Minecraft@Home - networked
https://minecraftathome.com/minecrafthome/
======
siraben
One recent notable achievement by Minecraft@Home was the discovery[0] of the
start screen panorama seed which was seen from Beta 1.8 up to 1.12. Reverse
engineering Minecraft seeds is an impressive feat given that the search space
is so large.

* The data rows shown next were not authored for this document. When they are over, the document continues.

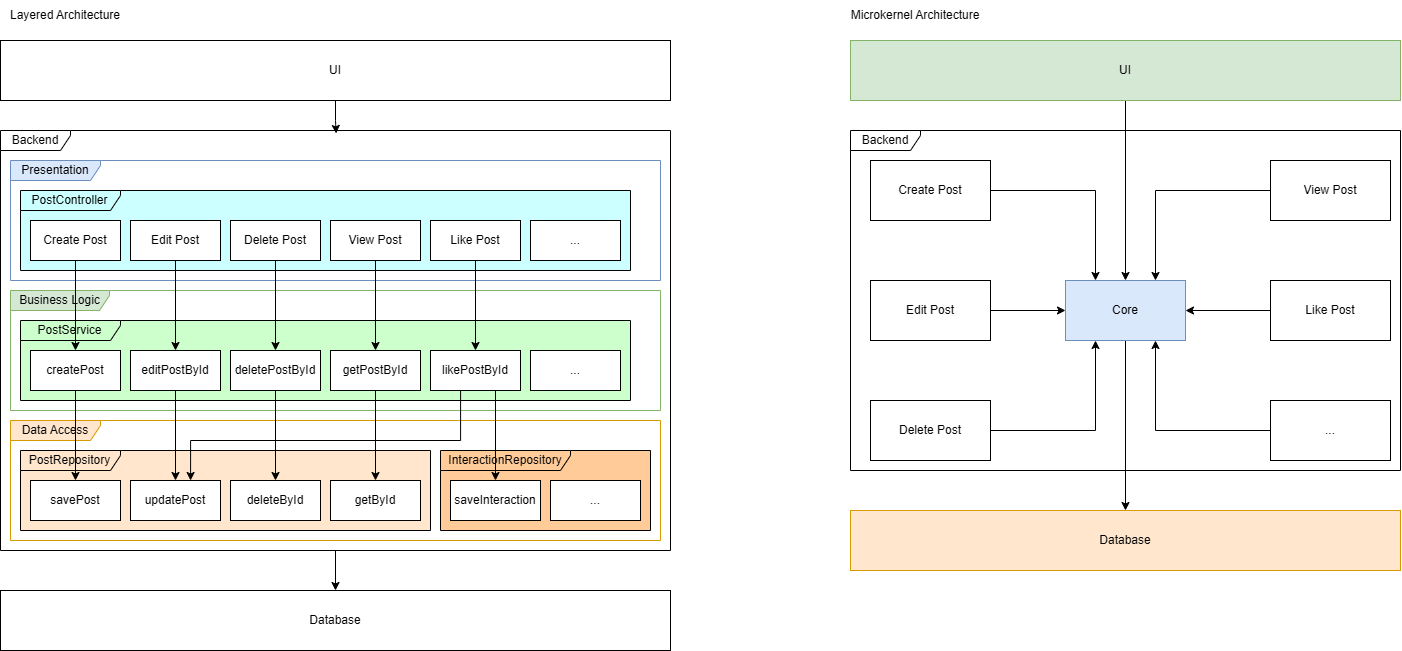

The diagram above was exported from draw.io. Its source (the exported page's mxGraphModel, read from the mxfile embedded in the PNG):
<mxGraphModel dx="1895" dy="1116" grid="1" gridSize="10" guides="1" tooltips="1" connect="1" arrows="1" fold="1" page="1" pageScale="1" pageWidth="850" pageHeight="1100" math="0" shadow="0">
  <root>
    <mxCell id="0" />
    <mxCell id="1" parent="0" />
    <mxCell id="JsoYaD4xX9Wb2VkPU0xE-64" connectable="0" parent="1" style="group" value="" vertex="1">
      <mxGeometry height="610" width="670" x="40" y="40" as="geometry" />
    </mxCell>
    <mxCell id="JsoYaD4xX9Wb2VkPU0xE-35" parent="JsoYaD4xX9Wb2VkPU0xE-64" style="shape=umlFrame;whiteSpace=wrap;html=1;pointerEvents=0;width=130;height=20;swimlaneFillColor=#FFCC99;fillColor=#FFCC99;" value="InteractionRepository" vertex="1">
      <mxGeometry height="80" width="210" x="440" y="410" as="geometry" />
    </mxCell>
    <mxCell id="JsoYaD4xX9Wb2VkPU0xE-27" parent="JsoYaD4xX9Wb2VkPU0xE-64" style="shape=umlFrame;whiteSpace=wrap;html=1;pointerEvents=0;width=100;height=20;fillColor=#FFE6CC;swimlaneFillColor=#FFE6CC;" value="PostRepository" vertex="1">
      <mxGeometry height="80" width="410" x="20" y="410" as="geometry" />
    </mxCell>
    <mxCell id="JsoYaD4xX9Wb2VkPU0xE-20" parent="JsoYaD4xX9Wb2VkPU0xE-64" style="shape=umlFrame;whiteSpace=wrap;html=1;pointerEvents=0;width=100;height=20;swimlaneFillColor=#CCFFCC;fillColor=#CCFFCC;" value="PostService" vertex="1">
      <mxGeometry height="80" width="610" x="20" y="280" as="geometry" />
    </mxCell>
    <mxCell id="JsoYaD4xX9Wb2VkPU0xE-8" parent="JsoYaD4xX9Wb2VkPU0xE-64" style="shape=umlFrame;whiteSpace=wrap;html=1;pointerEvents=0;width=100;height=20;swimlaneFillColor=#CCFFFF;fillColor=#CCFFFF;" value="PostController" vertex="1">
      <mxGeometry height="80" width="610" x="20" y="150" as="geometry" />
    </mxCell>
    <mxCell id="JsoYaD4xX9Wb2VkPU0xE-40" parent="JsoYaD4xX9Wb2VkPU0xE-64" style="rounded=0;whiteSpace=wrap;html=1;" value="UI" vertex="1">
      <mxGeometry height="60" width="670" as="geometry" />
    </mxCell>
    <mxCell id="JsoYaD4xX9Wb2VkPU0xE-41" parent="JsoYaD4xX9Wb2VkPU0xE-64" style="rounded=0;whiteSpace=wrap;html=1;" value="Database" vertex="1">
      <mxGeometry height="60" width="670" y="550" as="geometry" />
    </mxCell>
    <mxCell id="JsoYaD4xX9Wb2VkPU0xE-42" edge="1" parent="JsoYaD4xX9Wb2VkPU0xE-64" source="JsoYaD4xX9Wb2VkPU0xE-40" style="edgeStyle=orthogonalEdgeStyle;rounded=0;orthogonalLoop=1;jettySize=auto;html=1;entryX=0.501;entryY=0.007;entryDx=0;entryDy=0;entryPerimeter=0;" target="JsoYaD4xX9Wb2VkPU0xE-2">
      <mxGeometry relative="1" as="geometry" />
    </mxCell>
    <mxCell id="JsoYaD4xX9Wb2VkPU0xE-43" edge="1" parent="JsoYaD4xX9Wb2VkPU0xE-64" source="JsoYaD4xX9Wb2VkPU0xE-2" style="edgeStyle=orthogonalEdgeStyle;rounded=0;orthogonalLoop=1;jettySize=auto;html=1;entryX=0.5;entryY=0;entryDx=0;entryDy=0;" target="JsoYaD4xX9Wb2VkPU0xE-41">
      <mxGeometry relative="1" as="geometry" />
    </mxCell>
    <mxCell id="JsoYaD4xX9Wb2VkPU0xE-2" parent="JsoYaD4xX9Wb2VkPU0xE-64" style="shape=umlFrame;whiteSpace=wrap;html=1;pointerEvents=0;width=70;height=20;" value="Backend" vertex="1">
      <mxGeometry height="420" width="670" y="90" as="geometry" />
    </mxCell>
    <mxCell id="JsoYaD4xX9Wb2VkPU0xE-4" parent="JsoYaD4xX9Wb2VkPU0xE-64" style="shape=umlFrame;whiteSpace=wrap;html=1;pointerEvents=0;width=90;height=20;fillColor=#dae8fc;strokeColor=#6c8ebf;" value="Presentation" vertex="1">
      <mxGeometry height="120" width="650" x="10" y="120" as="geometry" />
    </mxCell>
    <mxCell id="JsoYaD4xX9Wb2VkPU0xE-5" parent="JsoYaD4xX9Wb2VkPU0xE-64" style="shape=umlFrame;whiteSpace=wrap;html=1;pointerEvents=0;width=99;height=20;fillColor=#d5e8d4;strokeColor=#82b366;" value="Business Logic" vertex="1">
      <mxGeometry height="120" width="650" x="10" y="250" as="geometry" />
    </mxCell>
    <mxCell id="JsoYaD4xX9Wb2VkPU0xE-6" parent="JsoYaD4xX9Wb2VkPU0xE-64" style="shape=umlFrame;whiteSpace=wrap;html=1;pointerEvents=0;width=90;height=20;fillColor=#ffe6cc;strokeColor=#d79b00;" value="Data Access" vertex="1">
      <mxGeometry height="120" width="650" x="10" y="380" as="geometry" />
    </mxCell>
    <mxCell id="JsoYaD4xX9Wb2VkPU0xE-56" edge="1" parent="JsoYaD4xX9Wb2VkPU0xE-64" source="JsoYaD4xX9Wb2VkPU0xE-7" style="edgeStyle=orthogonalEdgeStyle;rounded=0;orthogonalLoop=1;jettySize=auto;html=1;" target="JsoYaD4xX9Wb2VkPU0xE-21">
      <mxGeometry relative="1" as="geometry" />
    </mxCell>
    <mxCell id="JsoYaD4xX9Wb2VkPU0xE-7" parent="JsoYaD4xX9Wb2VkPU0xE-64" style="rounded=0;whiteSpace=wrap;html=1;" value="Create Post" vertex="1">
      <mxGeometry height="40" width="90" x="30" y="180" as="geometry" />
    </mxCell>
    <mxCell id="JsoYaD4xX9Wb2VkPU0xE-45" edge="1" parent="JsoYaD4xX9Wb2VkPU0xE-64" source="JsoYaD4xX9Wb2VkPU0xE-9" style="edgeStyle=orthogonalEdgeStyle;rounded=0;orthogonalLoop=1;jettySize=auto;html=1;entryX=0.5;entryY=0;entryDx=0;entryDy=0;" target="JsoYaD4xX9Wb2VkPU0xE-22">
      <mxGeometry relative="1" as="geometry" />
    </mxCell>
    <mxCell id="JsoYaD4xX9Wb2VkPU0xE-9" parent="JsoYaD4xX9Wb2VkPU0xE-64" style="rounded=0;whiteSpace=wrap;html=1;" value="Edit Post" vertex="1">
      <mxGeometry height="40" width="90" x="130" y="180" as="geometry" />
    </mxCell>
    <mxCell id="JsoYaD4xX9Wb2VkPU0xE-46" edge="1" parent="JsoYaD4xX9Wb2VkPU0xE-64" source="JsoYaD4xX9Wb2VkPU0xE-10" style="edgeStyle=orthogonalEdgeStyle;rounded=0;orthogonalLoop=1;jettySize=auto;html=1;entryX=0.5;entryY=0;entryDx=0;entryDy=0;" target="JsoYaD4xX9Wb2VkPU0xE-23">
      <mxGeometry relative="1" as="geometry" />
    </mxCell>
    <mxCell id="JsoYaD4xX9Wb2VkPU0xE-10" parent="JsoYaD4xX9Wb2VkPU0xE-64" style="rounded=0;whiteSpace=wrap;html=1;" value="Delete Post" vertex="1">
      <mxGeometry height="40" width="90" x="230" y="180" as="geometry" />
    </mxCell>
    <mxCell id="JsoYaD4xX9Wb2VkPU0xE-47" edge="1" parent="JsoYaD4xX9Wb2VkPU0xE-64" source="JsoYaD4xX9Wb2VkPU0xE-11" style="edgeStyle=orthogonalEdgeStyle;rounded=0;orthogonalLoop=1;jettySize=auto;html=1;entryX=0.5;entryY=0;entryDx=0;entryDy=0;" target="JsoYaD4xX9Wb2VkPU0xE-24">
      <mxGeometry relative="1" as="geometry" />
    </mxCell>
    <mxCell id="JsoYaD4xX9Wb2VkPU0xE-11" parent="JsoYaD4xX9Wb2VkPU0xE-64" style="rounded=0;whiteSpace=wrap;html=1;" value="View Post" vertex="1">
      <mxGeometry height="40" width="90" x="330" y="180" as="geometry" />
    </mxCell>
    <mxCell id="JsoYaD4xX9Wb2VkPU0xE-48" edge="1" parent="JsoYaD4xX9Wb2VkPU0xE-64" source="JsoYaD4xX9Wb2VkPU0xE-12" style="edgeStyle=orthogonalEdgeStyle;rounded=0;orthogonalLoop=1;jettySize=auto;html=1;entryX=0.5;entryY=0;entryDx=0;entryDy=0;" target="JsoYaD4xX9Wb2VkPU0xE-25">
      <mxGeometry relative="1" as="geometry" />
    </mxCell>
    <mxCell id="JsoYaD4xX9Wb2VkPU0xE-12" parent="JsoYaD4xX9Wb2VkPU0xE-64" style="rounded=0;whiteSpace=wrap;html=1;" value="Like Post" vertex="1">
      <mxGeometry height="40" width="90" x="430" y="180" as="geometry" />
    </mxCell>
    <mxCell id="JsoYaD4xX9Wb2VkPU0xE-13" parent="JsoYaD4xX9Wb2VkPU0xE-64" style="rounded=0;whiteSpace=wrap;html=1;" value="..." vertex="1">
      <mxGeometry height="40" width="90" x="530" y="180" as="geometry" />
    </mxCell>
    <mxCell id="JsoYaD4xX9Wb2VkPU0xE-49" edge="1" parent="JsoYaD4xX9Wb2VkPU0xE-64" source="JsoYaD4xX9Wb2VkPU0xE-21" style="edgeStyle=orthogonalEdgeStyle;rounded=0;orthogonalLoop=1;jettySize=auto;html=1;entryX=0.5;entryY=0;entryDx=0;entryDy=0;" target="JsoYaD4xX9Wb2VkPU0xE-29">
      <mxGeometry relative="1" as="geometry" />
    </mxCell>
    <mxCell id="JsoYaD4xX9Wb2VkPU0xE-21" parent="JsoYaD4xX9Wb2VkPU0xE-64" style="rounded=0;whiteSpace=wrap;html=1;" value="createPost" vertex="1">
      <mxGeometry height="40" width="90" x="30" y="310" as="geometry" />
    </mxCell>
    <mxCell id="JsoYaD4xX9Wb2VkPU0xE-50" edge="1" parent="JsoYaD4xX9Wb2VkPU0xE-64" source="JsoYaD4xX9Wb2VkPU0xE-22" style="edgeStyle=orthogonalEdgeStyle;rounded=0;orthogonalLoop=1;jettySize=auto;html=1;" target="JsoYaD4xX9Wb2VkPU0xE-30">
      <mxGeometry relative="1" as="geometry" />
    </mxCell>
    <mxCell id="JsoYaD4xX9Wb2VkPU0xE-22" parent="JsoYaD4xX9Wb2VkPU0xE-64" style="rounded=0;whiteSpace=wrap;html=1;" value="editPostById" vertex="1">
      <mxGeometry height="40" width="90" x="130" y="310" as="geometry" />
    </mxCell>
    <mxCell id="JsoYaD4xX9Wb2VkPU0xE-51" edge="1" parent="JsoYaD4xX9Wb2VkPU0xE-64" source="JsoYaD4xX9Wb2VkPU0xE-23" style="edgeStyle=orthogonalEdgeStyle;rounded=0;orthogonalLoop=1;jettySize=auto;html=1;" target="JsoYaD4xX9Wb2VkPU0xE-31">
      <mxGeometry relative="1" as="geometry" />
    </mxCell>
    <mxCell id="JsoYaD4xX9Wb2VkPU0xE-23" parent="JsoYaD4xX9Wb2VkPU0xE-64" style="rounded=0;whiteSpace=wrap;html=1;" value="deletePostById" vertex="1">
      <mxGeometry height="40" width="90" x="230" y="310" as="geometry" />
    </mxCell>
    <mxCell id="JsoYaD4xX9Wb2VkPU0xE-52" edge="1" parent="JsoYaD4xX9Wb2VkPU0xE-64" source="JsoYaD4xX9Wb2VkPU0xE-24" style="edgeStyle=orthogonalEdgeStyle;rounded=0;orthogonalLoop=1;jettySize=auto;html=1;entryX=0.5;entryY=0;entryDx=0;entryDy=0;" target="JsoYaD4xX9Wb2VkPU0xE-36">
      <mxGeometry relative="1" as="geometry" />
    </mxCell>
    <mxCell id="JsoYaD4xX9Wb2VkPU0xE-24" parent="JsoYaD4xX9Wb2VkPU0xE-64" style="rounded=0;whiteSpace=wrap;html=1;" value="getPostById" vertex="1">
      <mxGeometry height="40" width="90" x="330" y="310" as="geometry" />
    </mxCell>
    <mxCell id="JsoYaD4xX9Wb2VkPU0xE-54" edge="1" parent="JsoYaD4xX9Wb2VkPU0xE-64" source="JsoYaD4xX9Wb2VkPU0xE-25" style="edgeStyle=orthogonalEdgeStyle;rounded=0;orthogonalLoop=1;jettySize=auto;html=1;" target="JsoYaD4xX9Wb2VkPU0xE-37">
      <mxGeometry relative="1" as="geometry">
        <Array as="points">
          <mxPoint x="495" y="380" />
          <mxPoint x="495" y="380" />
        </Array>
      </mxGeometry>
    </mxCell>
    <mxCell id="JsoYaD4xX9Wb2VkPU0xE-55" edge="1" parent="JsoYaD4xX9Wb2VkPU0xE-64" source="JsoYaD4xX9Wb2VkPU0xE-25" style="edgeStyle=orthogonalEdgeStyle;rounded=0;orthogonalLoop=1;jettySize=auto;html=1;" target="JsoYaD4xX9Wb2VkPU0xE-30">
      <mxGeometry relative="1" as="geometry">
        <Array as="points">
          <mxPoint x="460" y="400" />
          <mxPoint x="190" y="400" />
        </Array>
      </mxGeometry>
    </mxCell>
    <mxCell id="JsoYaD4xX9Wb2VkPU0xE-25" parent="JsoYaD4xX9Wb2VkPU0xE-64" style="rounded=0;whiteSpace=wrap;html=1;" value="likePostById" vertex="1">
      <mxGeometry height="40" width="90" x="430" y="310" as="geometry" />
    </mxCell>
    <mxCell id="JsoYaD4xX9Wb2VkPU0xE-26" parent="JsoYaD4xX9Wb2VkPU0xE-64" style="rounded=0;whiteSpace=wrap;html=1;" value="..." vertex="1">
      <mxGeometry height="40" width="90" x="530" y="310" as="geometry" />
    </mxCell>
    <mxCell id="JsoYaD4xX9Wb2VkPU0xE-29" parent="JsoYaD4xX9Wb2VkPU0xE-64" style="rounded=0;whiteSpace=wrap;html=1;" value="savePost" vertex="1">
      <mxGeometry height="40" width="90" x="30" y="440" as="geometry" />
    </mxCell>
    <mxCell id="JsoYaD4xX9Wb2VkPU0xE-30" parent="JsoYaD4xX9Wb2VkPU0xE-64" style="rounded=0;whiteSpace=wrap;html=1;" value="updatePost" vertex="1">
      <mxGeometry height="40" width="90" x="130" y="440" as="geometry" />
    </mxCell>
    <mxCell id="JsoYaD4xX9Wb2VkPU0xE-31" parent="JsoYaD4xX9Wb2VkPU0xE-64" style="rounded=0;whiteSpace=wrap;html=1;" value="deleteById" vertex="1">
      <mxGeometry height="40" width="90" x="230" y="440" as="geometry" />
    </mxCell>
    <mxCell id="JsoYaD4xX9Wb2VkPU0xE-36" parent="JsoYaD4xX9Wb2VkPU0xE-64" style="rounded=0;whiteSpace=wrap;html=1;" value="getById" vertex="1">
      <mxGeometry height="40" width="90" x="330" y="440" as="geometry" />
    </mxCell>
    <mxCell id="JsoYaD4xX9Wb2VkPU0xE-37" parent="JsoYaD4xX9Wb2VkPU0xE-64" style="rounded=0;whiteSpace=wrap;html=1;" value="saveInteraction" vertex="1">
      <mxGeometry height="40" width="90" x="450" y="440" as="geometry" />
    </mxCell>
    <mxCell id="JsoYaD4xX9Wb2VkPU0xE-38" parent="JsoYaD4xX9Wb2VkPU0xE-64" style="rounded=0;whiteSpace=wrap;html=1;" value="..." vertex="1">
      <mxGeometry height="40" width="90" x="550" y="440" as="geometry" />
    </mxCell>
    <mxCell id="JsoYaD4xX9Wb2VkPU0xE-65" parent="1" style="text;html=1;whiteSpace=wrap;strokeColor=none;fillColor=none;align=center;verticalAlign=middle;rounded=0;" value="Layered Architecture" vertex="1">
      <mxGeometry height="30" width="130" x="40" as="geometry" />
    </mxCell>
    <mxCell id="JsoYaD4xX9Wb2VkPU0xE-67" parent="1" style="text;html=1;whiteSpace=wrap;strokeColor=none;fillColor=none;align=center;verticalAlign=middle;rounded=0;" value="Microkernel Architecture" vertex="1">
      <mxGeometry height="30" width="150" x="880" as="geometry" />
    </mxCell>
    <mxCell id="JsoYaD4xX9Wb2VkPU0xE-132" connectable="0" parent="1" style="group" value="" vertex="1">
      <mxGeometry height="530" width="550" x="890" y="40" as="geometry" />
    </mxCell>
    <mxCell id="JsoYaD4xX9Wb2VkPU0xE-123" edge="1" parent="JsoYaD4xX9Wb2VkPU0xE-132" source="JsoYaD4xX9Wb2VkPU0xE-66" style="edgeStyle=orthogonalEdgeStyle;rounded=0;orthogonalLoop=1;jettySize=auto;html=1;entryX=0.5;entryY=0;entryDx=0;entryDy=0;" target="JsoYaD4xX9Wb2VkPU0xE-122">
      <mxGeometry relative="1" as="geometry" />
    </mxCell>
    <mxCell id="JsoYaD4xX9Wb2VkPU0xE-66" parent="JsoYaD4xX9Wb2VkPU0xE-132" style="rounded=0;whiteSpace=wrap;html=1;fillColor=#dae8fc;strokeColor=#6c8ebf;" value="Core" vertex="1">
      <mxGeometry height="60" width="120" x="215" y="240" as="geometry" />
    </mxCell>
    <mxCell id="JsoYaD4xX9Wb2VkPU0xE-124" edge="1" parent="JsoYaD4xX9Wb2VkPU0xE-132" source="JsoYaD4xX9Wb2VkPU0xE-110" style="edgeStyle=orthogonalEdgeStyle;rounded=0;orthogonalLoop=1;jettySize=auto;html=1;entryX=0.25;entryY=0;entryDx=0;entryDy=0;" target="JsoYaD4xX9Wb2VkPU0xE-66">
      <mxGeometry relative="1" as="geometry" />
    </mxCell>
    <mxCell id="JsoYaD4xX9Wb2VkPU0xE-110" parent="JsoYaD4xX9Wb2VkPU0xE-132" style="rounded=0;whiteSpace=wrap;html=1;" value="Create Post" vertex="1">
      <mxGeometry height="60" width="120" x="20" y="120" as="geometry" />
    </mxCell>
    <mxCell id="JsoYaD4xX9Wb2VkPU0xE-126" edge="1" parent="JsoYaD4xX9Wb2VkPU0xE-132" source="JsoYaD4xX9Wb2VkPU0xE-112" style="edgeStyle=orthogonalEdgeStyle;rounded=0;orthogonalLoop=1;jettySize=auto;html=1;" target="JsoYaD4xX9Wb2VkPU0xE-66">
      <mxGeometry relative="1" as="geometry" />
    </mxCell>
    <mxCell id="JsoYaD4xX9Wb2VkPU0xE-112" parent="JsoYaD4xX9Wb2VkPU0xE-132" style="rounded=0;whiteSpace=wrap;html=1;" value="Edit Post" vertex="1">
      <mxGeometry height="60" width="120" x="20" y="240" as="geometry" />
    </mxCell>
    <mxCell id="JsoYaD4xX9Wb2VkPU0xE-127" edge="1" parent="JsoYaD4xX9Wb2VkPU0xE-132" source="JsoYaD4xX9Wb2VkPU0xE-113" style="edgeStyle=orthogonalEdgeStyle;rounded=0;orthogonalLoop=1;jettySize=auto;html=1;entryX=0.25;entryY=1;entryDx=0;entryDy=0;" target="JsoYaD4xX9Wb2VkPU0xE-66">
      <mxGeometry relative="1" as="geometry" />
    </mxCell>
    <mxCell id="JsoYaD4xX9Wb2VkPU0xE-113" parent="JsoYaD4xX9Wb2VkPU0xE-132" style="rounded=0;whiteSpace=wrap;html=1;" value="Delete Post" vertex="1">
      <mxGeometry height="60" width="120" x="20" y="360" as="geometry" />
    </mxCell>
    <mxCell id="JsoYaD4xX9Wb2VkPU0xE-125" edge="1" parent="JsoYaD4xX9Wb2VkPU0xE-132" source="JsoYaD4xX9Wb2VkPU0xE-114" style="edgeStyle=orthogonalEdgeStyle;rounded=0;orthogonalLoop=1;jettySize=auto;html=1;entryX=0.75;entryY=0;entryDx=0;entryDy=0;" target="JsoYaD4xX9Wb2VkPU0xE-66">
      <mxGeometry relative="1" as="geometry" />
    </mxCell>
    <mxCell id="JsoYaD4xX9Wb2VkPU0xE-114" parent="JsoYaD4xX9Wb2VkPU0xE-132" style="rounded=0;whiteSpace=wrap;html=1;" value="View Post" vertex="1">
      <mxGeometry height="60" width="120" x="420" y="120" as="geometry" />
    </mxCell>
    <mxCell id="JsoYaD4xX9Wb2VkPU0xE-129" edge="1" parent="JsoYaD4xX9Wb2VkPU0xE-132" source="JsoYaD4xX9Wb2VkPU0xE-115" style="edgeStyle=orthogonalEdgeStyle;rounded=0;orthogonalLoop=1;jettySize=auto;html=1;entryX=1;entryY=0.5;entryDx=0;entryDy=0;" target="JsoYaD4xX9Wb2VkPU0xE-66">
      <mxGeometry relative="1" as="geometry" />
    </mxCell>
    <mxCell id="JsoYaD4xX9Wb2VkPU0xE-115" parent="JsoYaD4xX9Wb2VkPU0xE-132" style="rounded=0;whiteSpace=wrap;html=1;" value="Like Post" vertex="1">
      <mxGeometry height="60" width="120" x="420" y="240" as="geometry" />
    </mxCell>
    <mxCell id="JsoYaD4xX9Wb2VkPU0xE-130" edge="1" parent="JsoYaD4xX9Wb2VkPU0xE-132" source="JsoYaD4xX9Wb2VkPU0xE-116" style="edgeStyle=orthogonalEdgeStyle;rounded=0;orthogonalLoop=1;jettySize=auto;html=1;entryX=0.75;entryY=1;entryDx=0;entryDy=0;" target="JsoYaD4xX9Wb2VkPU0xE-66">
      <mxGeometry relative="1" as="geometry" />
    </mxCell>
    <mxCell id="JsoYaD4xX9Wb2VkPU0xE-116" parent="JsoYaD4xX9Wb2VkPU0xE-132" style="rounded=0;whiteSpace=wrap;html=1;" value="..." vertex="1">
      <mxGeometry height="60" width="120" x="420" y="360" as="geometry" />
    </mxCell>
    <mxCell id="JsoYaD4xX9Wb2VkPU0xE-121" edge="1" parent="JsoYaD4xX9Wb2VkPU0xE-132" source="JsoYaD4xX9Wb2VkPU0xE-120" style="edgeStyle=orthogonalEdgeStyle;rounded=0;orthogonalLoop=1;jettySize=auto;html=1;entryX=0.5;entryY=0;entryDx=0;entryDy=0;" target="JsoYaD4xX9Wb2VkPU0xE-66">
      <mxGeometry relative="1" as="geometry" />
    </mxCell>
    <mxCell id="JsoYaD4xX9Wb2VkPU0xE-120" parent="JsoYaD4xX9Wb2VkPU0xE-132" style="rounded=0;whiteSpace=wrap;html=1;fillColor=#d5e8d4;strokeColor=#82b366;" value="UI" vertex="1">
      <mxGeometry height="60" width="550" as="geometry" />
    </mxCell>
    <mxCell id="JsoYaD4xX9Wb2VkPU0xE-122" parent="JsoYaD4xX9Wb2VkPU0xE-132" style="rounded=0;whiteSpace=wrap;html=1;fillColor=#ffe6cc;strokeColor=#d79b00;" value="Database" vertex="1">
      <mxGeometry height="60" width="550" y="470" as="geometry" />
    </mxCell>
    <mxCell id="JsoYaD4xX9Wb2VkPU0xE-131" parent="JsoYaD4xX9Wb2VkPU0xE-132" style="shape=umlFrame;whiteSpace=wrap;html=1;pointerEvents=0;width=70;height=20;" value="Backend" vertex="1">
      <mxGeometry height="340" width="550" y="90" as="geometry" />
    </mxCell>
  </root>
</mxGraphModel>

The finding of Pewdiepie's survival Minecraft world seed was
achieved (without Minecraft@Home) despite him revealing his coordinates via F3
only twice in the entire series[1][2][3].

[0]
[https://www.reddit.com/r/Minecraft/comments/hthrmk/big_news_...](https://www.reddit.com/r/Minecraft/comments/hthrmk/big_news_we_have_found_the_seed_of_minecrafts/)

[1]
[https://youtube.com/watch?v=LE8ml2hZVZM](https://youtube.com/watch?v=LE8ml2hZVZM)

[2]
[https://youtube.com/watch?v=MbAymA6OAa4](https://youtube.com/watch?v=MbAymA6OAa4)

[3]
[https://youtube.com/watch?v=qWnTRNw4mDY](https://youtube.com/watch?v=qWnTRNw4mDY)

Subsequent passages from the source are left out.